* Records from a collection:
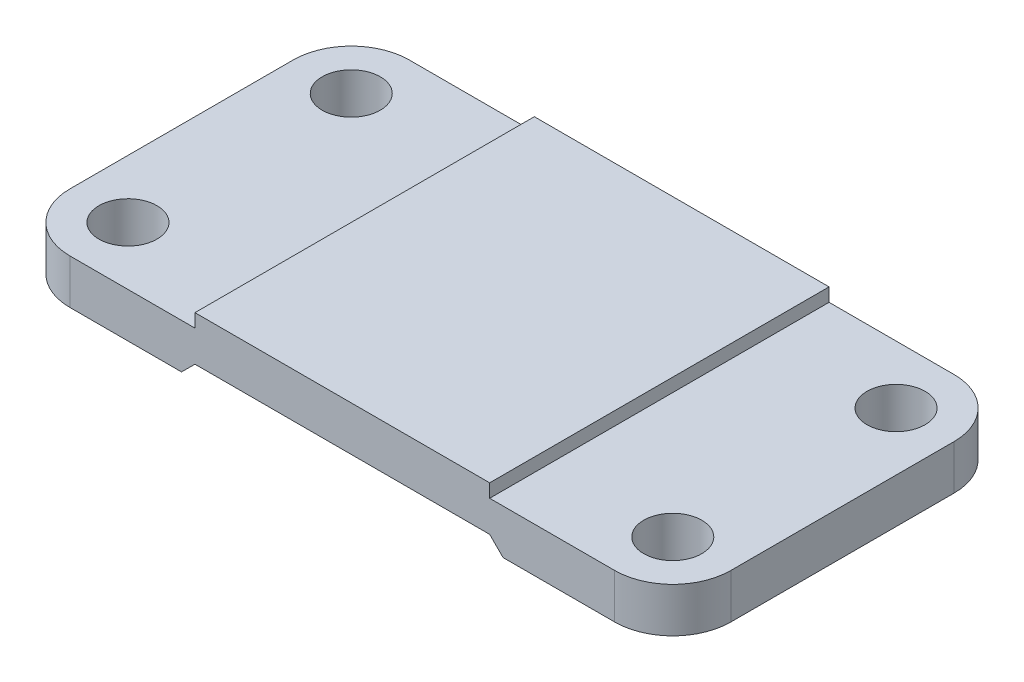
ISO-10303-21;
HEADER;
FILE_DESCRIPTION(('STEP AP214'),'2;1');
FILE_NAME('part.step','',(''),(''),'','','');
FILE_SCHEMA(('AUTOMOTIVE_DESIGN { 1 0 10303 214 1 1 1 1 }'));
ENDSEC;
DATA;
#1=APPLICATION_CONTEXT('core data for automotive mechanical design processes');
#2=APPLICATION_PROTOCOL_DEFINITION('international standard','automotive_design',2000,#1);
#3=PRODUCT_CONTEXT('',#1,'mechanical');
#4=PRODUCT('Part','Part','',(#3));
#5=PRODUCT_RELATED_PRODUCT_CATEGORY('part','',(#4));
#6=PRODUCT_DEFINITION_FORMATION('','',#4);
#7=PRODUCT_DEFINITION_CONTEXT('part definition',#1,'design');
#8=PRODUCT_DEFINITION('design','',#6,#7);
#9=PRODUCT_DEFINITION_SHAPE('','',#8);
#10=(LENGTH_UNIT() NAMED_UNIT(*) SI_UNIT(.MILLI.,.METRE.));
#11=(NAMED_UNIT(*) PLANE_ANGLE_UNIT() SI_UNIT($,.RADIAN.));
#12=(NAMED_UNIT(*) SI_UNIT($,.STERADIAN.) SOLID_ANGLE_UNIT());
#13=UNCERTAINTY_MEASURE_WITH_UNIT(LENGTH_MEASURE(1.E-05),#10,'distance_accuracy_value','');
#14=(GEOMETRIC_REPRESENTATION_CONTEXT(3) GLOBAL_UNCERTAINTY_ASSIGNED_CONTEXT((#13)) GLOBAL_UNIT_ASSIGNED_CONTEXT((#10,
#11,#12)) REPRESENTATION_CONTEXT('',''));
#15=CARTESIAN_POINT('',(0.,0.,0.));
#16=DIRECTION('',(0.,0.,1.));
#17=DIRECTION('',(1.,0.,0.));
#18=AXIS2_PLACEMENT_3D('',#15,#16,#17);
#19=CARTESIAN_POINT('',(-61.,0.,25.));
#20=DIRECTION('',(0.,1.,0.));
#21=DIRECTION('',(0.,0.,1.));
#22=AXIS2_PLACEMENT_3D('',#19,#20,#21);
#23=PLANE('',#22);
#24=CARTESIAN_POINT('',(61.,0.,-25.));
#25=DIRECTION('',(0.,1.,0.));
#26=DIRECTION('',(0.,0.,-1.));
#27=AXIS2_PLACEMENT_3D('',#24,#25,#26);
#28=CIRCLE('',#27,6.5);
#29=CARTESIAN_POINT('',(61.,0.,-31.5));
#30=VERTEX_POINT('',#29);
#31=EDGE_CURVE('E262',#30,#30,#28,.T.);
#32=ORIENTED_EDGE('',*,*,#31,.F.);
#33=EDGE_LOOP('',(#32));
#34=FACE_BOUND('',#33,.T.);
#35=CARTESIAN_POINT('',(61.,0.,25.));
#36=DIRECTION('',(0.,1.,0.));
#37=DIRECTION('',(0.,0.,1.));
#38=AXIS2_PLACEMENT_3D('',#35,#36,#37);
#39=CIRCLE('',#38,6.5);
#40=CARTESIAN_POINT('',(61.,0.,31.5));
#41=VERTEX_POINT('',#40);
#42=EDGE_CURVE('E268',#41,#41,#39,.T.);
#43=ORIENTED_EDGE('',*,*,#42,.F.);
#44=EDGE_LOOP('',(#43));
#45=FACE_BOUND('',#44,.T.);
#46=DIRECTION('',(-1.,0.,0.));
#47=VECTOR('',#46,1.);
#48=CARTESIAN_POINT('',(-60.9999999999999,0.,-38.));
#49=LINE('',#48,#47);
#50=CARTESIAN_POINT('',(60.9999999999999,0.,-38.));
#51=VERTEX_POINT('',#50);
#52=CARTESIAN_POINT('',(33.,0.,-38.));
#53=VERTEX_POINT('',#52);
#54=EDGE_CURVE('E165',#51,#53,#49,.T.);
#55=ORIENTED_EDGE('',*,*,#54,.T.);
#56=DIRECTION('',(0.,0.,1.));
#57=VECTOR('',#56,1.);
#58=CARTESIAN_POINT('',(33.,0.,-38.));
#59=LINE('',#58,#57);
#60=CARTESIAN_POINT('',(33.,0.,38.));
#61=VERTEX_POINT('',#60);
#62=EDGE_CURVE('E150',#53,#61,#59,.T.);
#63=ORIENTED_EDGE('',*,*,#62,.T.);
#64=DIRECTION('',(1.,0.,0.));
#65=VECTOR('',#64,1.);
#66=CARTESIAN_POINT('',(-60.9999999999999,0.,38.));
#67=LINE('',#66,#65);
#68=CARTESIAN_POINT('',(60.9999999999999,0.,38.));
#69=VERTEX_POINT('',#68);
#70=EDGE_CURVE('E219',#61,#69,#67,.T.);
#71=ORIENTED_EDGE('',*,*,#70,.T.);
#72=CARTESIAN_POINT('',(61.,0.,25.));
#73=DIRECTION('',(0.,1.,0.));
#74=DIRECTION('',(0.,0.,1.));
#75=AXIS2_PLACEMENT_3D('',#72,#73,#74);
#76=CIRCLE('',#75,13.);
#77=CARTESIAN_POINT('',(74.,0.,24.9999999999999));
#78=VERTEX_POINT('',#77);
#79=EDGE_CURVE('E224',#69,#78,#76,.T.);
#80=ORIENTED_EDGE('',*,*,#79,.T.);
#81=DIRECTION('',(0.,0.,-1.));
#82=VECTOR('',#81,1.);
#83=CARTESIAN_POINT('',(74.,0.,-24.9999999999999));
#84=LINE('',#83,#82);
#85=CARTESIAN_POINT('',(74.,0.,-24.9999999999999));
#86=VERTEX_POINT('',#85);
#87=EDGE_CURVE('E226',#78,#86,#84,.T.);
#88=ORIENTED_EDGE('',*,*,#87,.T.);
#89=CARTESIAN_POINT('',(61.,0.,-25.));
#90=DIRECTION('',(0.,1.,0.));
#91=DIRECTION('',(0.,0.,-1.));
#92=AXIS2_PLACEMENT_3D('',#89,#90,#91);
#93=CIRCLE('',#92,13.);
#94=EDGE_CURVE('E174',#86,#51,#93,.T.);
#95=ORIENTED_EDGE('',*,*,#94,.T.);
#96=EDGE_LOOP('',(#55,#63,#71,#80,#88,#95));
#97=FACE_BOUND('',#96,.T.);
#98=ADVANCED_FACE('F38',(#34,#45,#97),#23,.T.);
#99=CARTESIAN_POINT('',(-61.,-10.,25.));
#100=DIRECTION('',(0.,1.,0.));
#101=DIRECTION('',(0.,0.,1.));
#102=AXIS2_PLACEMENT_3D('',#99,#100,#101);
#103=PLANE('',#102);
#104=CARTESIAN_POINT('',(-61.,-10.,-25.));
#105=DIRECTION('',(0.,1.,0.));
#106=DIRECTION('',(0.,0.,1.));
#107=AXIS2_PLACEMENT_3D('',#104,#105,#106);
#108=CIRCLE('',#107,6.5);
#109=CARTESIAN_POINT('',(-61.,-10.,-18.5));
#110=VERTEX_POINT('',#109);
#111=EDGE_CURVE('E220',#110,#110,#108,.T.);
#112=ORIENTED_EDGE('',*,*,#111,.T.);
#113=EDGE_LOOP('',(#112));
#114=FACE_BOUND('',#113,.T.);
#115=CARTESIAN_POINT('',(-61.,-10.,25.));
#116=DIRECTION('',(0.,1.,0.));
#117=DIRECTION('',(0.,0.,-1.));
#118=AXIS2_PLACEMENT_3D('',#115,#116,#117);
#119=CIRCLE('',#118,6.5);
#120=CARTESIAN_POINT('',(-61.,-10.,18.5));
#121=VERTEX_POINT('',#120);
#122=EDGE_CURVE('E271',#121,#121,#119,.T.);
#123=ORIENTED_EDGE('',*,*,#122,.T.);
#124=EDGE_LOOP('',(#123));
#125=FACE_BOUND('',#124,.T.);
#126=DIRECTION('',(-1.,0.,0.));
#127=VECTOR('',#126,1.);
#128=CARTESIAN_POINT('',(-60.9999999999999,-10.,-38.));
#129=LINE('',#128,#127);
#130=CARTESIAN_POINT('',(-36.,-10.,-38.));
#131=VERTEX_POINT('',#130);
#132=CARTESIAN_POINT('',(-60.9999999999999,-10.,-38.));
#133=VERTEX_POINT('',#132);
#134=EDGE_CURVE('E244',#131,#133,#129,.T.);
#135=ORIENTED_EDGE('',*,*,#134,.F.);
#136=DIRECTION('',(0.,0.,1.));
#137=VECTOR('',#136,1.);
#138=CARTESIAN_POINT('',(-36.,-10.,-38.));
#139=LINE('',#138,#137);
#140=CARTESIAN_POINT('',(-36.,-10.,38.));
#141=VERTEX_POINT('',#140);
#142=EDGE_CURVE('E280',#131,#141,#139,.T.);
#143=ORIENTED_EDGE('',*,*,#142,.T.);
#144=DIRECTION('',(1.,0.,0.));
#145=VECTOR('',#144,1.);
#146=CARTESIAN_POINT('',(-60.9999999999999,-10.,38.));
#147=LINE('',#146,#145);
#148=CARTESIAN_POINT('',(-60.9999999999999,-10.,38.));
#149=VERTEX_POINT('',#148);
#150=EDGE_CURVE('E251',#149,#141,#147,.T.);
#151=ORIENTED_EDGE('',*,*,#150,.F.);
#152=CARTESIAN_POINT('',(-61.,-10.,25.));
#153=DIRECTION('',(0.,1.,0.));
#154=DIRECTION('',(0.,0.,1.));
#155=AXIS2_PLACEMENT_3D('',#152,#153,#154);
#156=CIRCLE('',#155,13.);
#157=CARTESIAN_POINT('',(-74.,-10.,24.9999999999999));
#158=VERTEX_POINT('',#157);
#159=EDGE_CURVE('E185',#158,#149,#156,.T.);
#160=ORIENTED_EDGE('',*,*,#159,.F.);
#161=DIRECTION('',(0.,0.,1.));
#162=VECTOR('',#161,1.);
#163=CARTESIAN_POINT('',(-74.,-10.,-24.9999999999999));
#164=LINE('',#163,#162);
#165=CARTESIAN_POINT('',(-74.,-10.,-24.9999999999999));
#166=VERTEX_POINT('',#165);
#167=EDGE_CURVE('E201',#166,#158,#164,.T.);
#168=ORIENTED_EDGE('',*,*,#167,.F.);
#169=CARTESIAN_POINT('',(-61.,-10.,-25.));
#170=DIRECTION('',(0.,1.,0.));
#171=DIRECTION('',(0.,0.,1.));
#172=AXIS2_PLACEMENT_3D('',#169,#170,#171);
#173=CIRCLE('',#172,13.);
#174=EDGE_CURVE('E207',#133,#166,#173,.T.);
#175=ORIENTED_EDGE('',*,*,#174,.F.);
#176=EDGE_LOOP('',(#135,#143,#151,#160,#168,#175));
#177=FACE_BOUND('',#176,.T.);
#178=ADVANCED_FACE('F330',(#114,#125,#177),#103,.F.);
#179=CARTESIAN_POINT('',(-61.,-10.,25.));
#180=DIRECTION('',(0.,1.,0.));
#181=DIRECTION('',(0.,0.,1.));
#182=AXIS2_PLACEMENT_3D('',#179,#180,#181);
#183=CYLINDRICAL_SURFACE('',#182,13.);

* Exercise goal:
With the line that contains "#164=LINE('',#163,#162);" as your start, reproduce the data above exactly through its last line, and nothing before that start.

* Your response:
#164=LINE('',#163,#162);
#165=CARTESIAN_POINT('',(-74.,-10.,-24.9999999999999));
#166=VERTEX_POINT('',#165);
#167=EDGE_CURVE('E201',#166,#158,#164,.T.);
#168=ORIENTED_EDGE('',*,*,#167,.F.);
#169=CARTESIAN_POINT('',(-61.,-10.,-25.));
#170=DIRECTION('',(0.,1.,0.));
#171=DIRECTION('',(0.,0.,1.));
#172=AXIS2_PLACEMENT_3D('',#169,#170,#171);
#173=CIRCLE('',#172,13.);
#174=EDGE_CURVE('E207',#133,#166,#173,.T.);
#175=ORIENTED_EDGE('',*,*,#174,.F.);
#176=EDGE_LOOP('',(#135,#143,#151,#160,#168,#175));
#177=FACE_BOUND('',#176,.T.);
#178=ADVANCED_FACE('F330',(#114,#125,#177),#103,.F.);
#179=CARTESIAN_POINT('',(-61.,-10.,25.));
#180=DIRECTION('',(0.,1.,0.));
#181=DIRECTION('',(0.,0.,1.));
#182=AXIS2_PLACEMENT_3D('',#179,#180,#181);
#183=CYLINDRICAL_SURFACE('',#182,13.);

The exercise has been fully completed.